- **Activity**: Every line from the one containing "#72=CARTESIAN_POINT('',(0.,0.,0.));" to the one containing "#88=DIRECTION('',(0.,-1.,0.));" in the records below, both included, must be set down exactly, and no other line.

---------- Data for this exercise

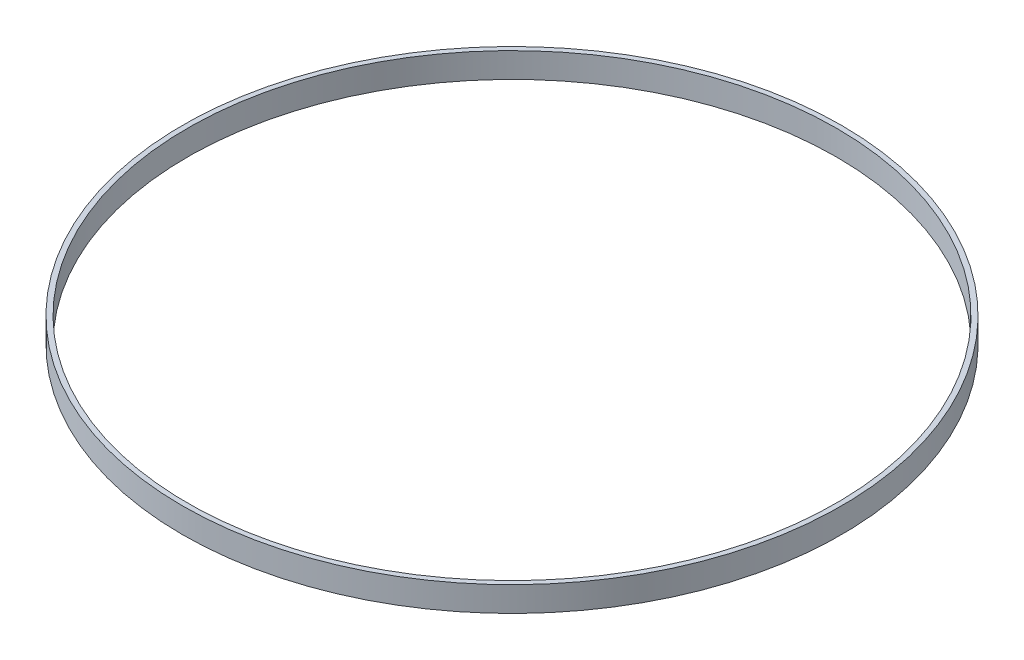
ISO-10303-21;
HEADER;
FILE_DESCRIPTION(('STEP AP214'),'2;1');
FILE_NAME('part.step','',(''),(''),'','','');
FILE_SCHEMA(('AUTOMOTIVE_DESIGN { 1 0 10303 214 1 1 1 1 }'));
ENDSEC;
DATA;
#1=APPLICATION_CONTEXT('core data for automotive mechanical design processes');
#2=APPLICATION_PROTOCOL_DEFINITION('international standard','automotive_design',2000,#1);
#3=PRODUCT_CONTEXT('',#1,'mechanical');
#4=PRODUCT('Part','Part','',(#3));
#5=PRODUCT_RELATED_PRODUCT_CATEGORY('part','',(#4));
#6=PRODUCT_DEFINITION_FORMATION('','',#4);
#7=PRODUCT_DEFINITION_CONTEXT('part definition',#1,'design');
#8=PRODUCT_DEFINITION('design','',#6,#7);
#9=PRODUCT_DEFINITION_SHAPE('','',#8);
#10=(LENGTH_UNIT() NAMED_UNIT(*) SI_UNIT(.MILLI.,.METRE.));
#11=(NAMED_UNIT(*) PLANE_ANGLE_UNIT() SI_UNIT($,.RADIAN.));
#12=(NAMED_UNIT(*) SI_UNIT($,.STERADIAN.) SOLID_ANGLE_UNIT());
#13=UNCERTAINTY_MEASURE_WITH_UNIT(LENGTH_MEASURE(1.E-05),#10,'distance_accuracy_value','');
#14=(GEOMETRIC_REPRESENTATION_CONTEXT(3) GLOBAL_UNCERTAINTY_ASSIGNED_CONTEXT((#13)) GLOBAL_UNIT_ASSIGNED_CONTEXT((#10,
#11,#12)) REPRESENTATION_CONTEXT('',''));
#15=CARTESIAN_POINT('',(0.,0.,0.));
#16=DIRECTION('',(0.,0.,1.));
#17=DIRECTION('',(1.,0.,0.));
#18=AXIS2_PLACEMENT_3D('',#15,#16,#17);
#19=CARTESIAN_POINT('',(132.,10.,0.));
#20=DIRECTION('',(0.,1.,0.));
#21=DIRECTION('',(0.,0.,1.));
#22=AXIS2_PLACEMENT_3D('',#19,#20,#21);
#23=PLANE('',#22);
#24=CARTESIAN_POINT('',(0.,10.,0.));
#25=DIRECTION('',(0.,-1.,0.));
#26=DIRECTION('',(0.,0.,-1.));
#27=AXIS2_PLACEMENT_3D('',#24,#25,#26);
#28=CIRCLE('',#27,130.);
#29=CARTESIAN_POINT('',(0.,10.,-130.));
#30=VERTEX_POINT('',#29);
#31=EDGE_CURVE('E10',#30,#30,#28,.T.);
#32=ORIENTED_EDGE('',*,*,#31,.T.);
#33=EDGE_LOOP('',(#32));
#34=FACE_BOUND('',#33,.T.);
#35=CARTESIAN_POINT('',(0.,10.,0.));
#36=DIRECTION('',(0.,-1.,0.));
#37=DIRECTION('',(0.,0.,-1.));
#38=AXIS2_PLACEMENT_3D('',#35,#36,#37);
#39=CIRCLE('',#38,132.);
#40=CARTESIAN_POINT('',(0.,10.,-132.));
#41=VERTEX_POINT('',#40);
#42=EDGE_CURVE('E44',#41,#41,#39,.T.);
#43=ORIENTED_EDGE('',*,*,#42,.F.);
#44=EDGE_LOOP('',(#43));
#45=FACE_BOUND('',#44,.T.);
#46=ADVANCED_FACE('F30',(#34,#45),#23,.T.);
#47=CARTESIAN_POINT('',(0.,0.,0.));
#48=DIRECTION('',(0.,-1.,0.));
#49=DIRECTION('',(0.,0.,-1.));
#50=AXIS2_PLACEMENT_3D('',#47,#48,#49);
#51=CYLINDRICAL_SURFACE('',#50,130.);
#52=CARTESIAN_POINT('',(0.,0.,0.));
#53=DIRECTION('',(0.,-1.,0.));
#54=DIRECTION('',(0.,0.,-1.));
#55=AXIS2_PLACEMENT_3D('',#52,#53,#54);
#56=CIRCLE('',#55,130.);
#57=CARTESIAN_POINT('',(0.,0.,-130.));
#58=VERTEX_POINT('',#57);
#59=EDGE_CURVE('E36',#58,#58,#56,.T.);
#60=ORIENTED_EDGE('',*,*,#59,.T.);
#61=EDGE_LOOP('',(#60));
#62=FACE_BOUND('',#61,.T.);
#63=ORIENTED_EDGE('',*,*,#31,.F.);
#64=EDGE_LOOP('',(#63));
#65=FACE_BOUND('',#64,.T.);
#66=ADVANCED_FACE('F54',(#62,#65),#51,.F.);
#67=CARTESIAN_POINT('',(130.,0.,0.));
#68=DIRECTION('',(0.,-1.,0.));
#69=DIRECTION('',(0.,0.,-1.));
#70=AXIS2_PLACEMENT_3D('',#67,#68,#69);
#71=PLANE('',#70);
#72=CARTESIAN_POINT('',(0.,0.,0.));
#73=DIRECTION('',(0.,-1.,0.));
#74=DIRECTION('',(0.,0.,-1.));
#75=AXIS2_PLACEMENT_3D('',#72,#73,#74);
#76=CIRCLE('',#75,132.);
#77=CARTESIAN_POINT('',(0.,0.,-132.));
#78=VERTEX_POINT('',#77);
#79=EDGE_CURVE('E40',#78,#78,#76,.T.);
#80=ORIENTED_EDGE('',*,*,#79,.T.);
#81=EDGE_LOOP('',(#80));
#82=FACE_BOUND('',#81,.T.);
#83=ORIENTED_EDGE('',*,*,#59,.F.);
#84=EDGE_LOOP('',(#83));
#85=FACE_BOUND('',#84,.T.);
#86=ADVANCED_FACE('F58',(#82,#85),#71,.T.);
#87=CARTESIAN_POINT('',(0.,0.,0.));
#88=DIRECTION('',(0.,-1.,0.));
#89=DIRECTION('',(0.,0.,-1.));
#90=AXIS2_PLACEMENT_3D('',#87,#88,#89);
#91=CYLINDRICAL_SURFACE('',#90,132.);
#92=ORIENTED_EDGE('',*,*,#42,.T.);
#93=EDGE_LOOP('',(#92));
#94=FACE_BOUND('',#93,.T.);
#95=ORIENTED_EDGE('',*,*,#79,.F.);
#96=EDGE_LOOP('',(#95));
#97=FACE_BOUND('',#96,.T.);
#98=ADVANCED_FACE('F50',(#94,#97),#91,.T.);
#99=CLOSED_SHELL('',(#46,#66,#86,#98));
#100=MANIFOLD_SOLID_BREP('B2',#99);
#101=ADVANCED_BREP_SHAPE_REPRESENTATION('',(#18,#100),#14);
#102=SHAPE_DEFINITION_REPRESENTATION(#9,#101);
ENDSEC;
END-ISO-10303-21;

--------------------

- **Your solution**:
#72=CARTESIAN_POINT('',(0.,0.,0.));
#73=DIRECTION('',(0.,-1.,0.));
#74=DIRECTION('',(0.,0.,-1.));
#75=AXIS2_PLACEMENT_3D('',#72,#73,#74);
#76=CIRCLE('',#75,132.);
#77=CARTESIAN_POINT('',(0.,0.,-132.));
#78=VERTEX_POINT('',#77);
#79=EDGE_CURVE('E40',#78,#78,#76,.T.);
#80=ORIENTED_EDGE('',*,*,#79,.T.);
#81=EDGE_LOOP('',(#80));
#82=FACE_BOUND('',#81,.T.);
#83=ORIENTED_EDGE('',*,*,#59,.F.);
#84=EDGE_LOOP('',(#83));
#85=FACE_BOUND('',#84,.T.);
#86=ADVANCED_FACE('F58',(#82,#85),#71,.T.);
#87=CARTESIAN_POINT('',(0.,0.,0.));
#88=DIRECTION('',(0.,-1.,0.));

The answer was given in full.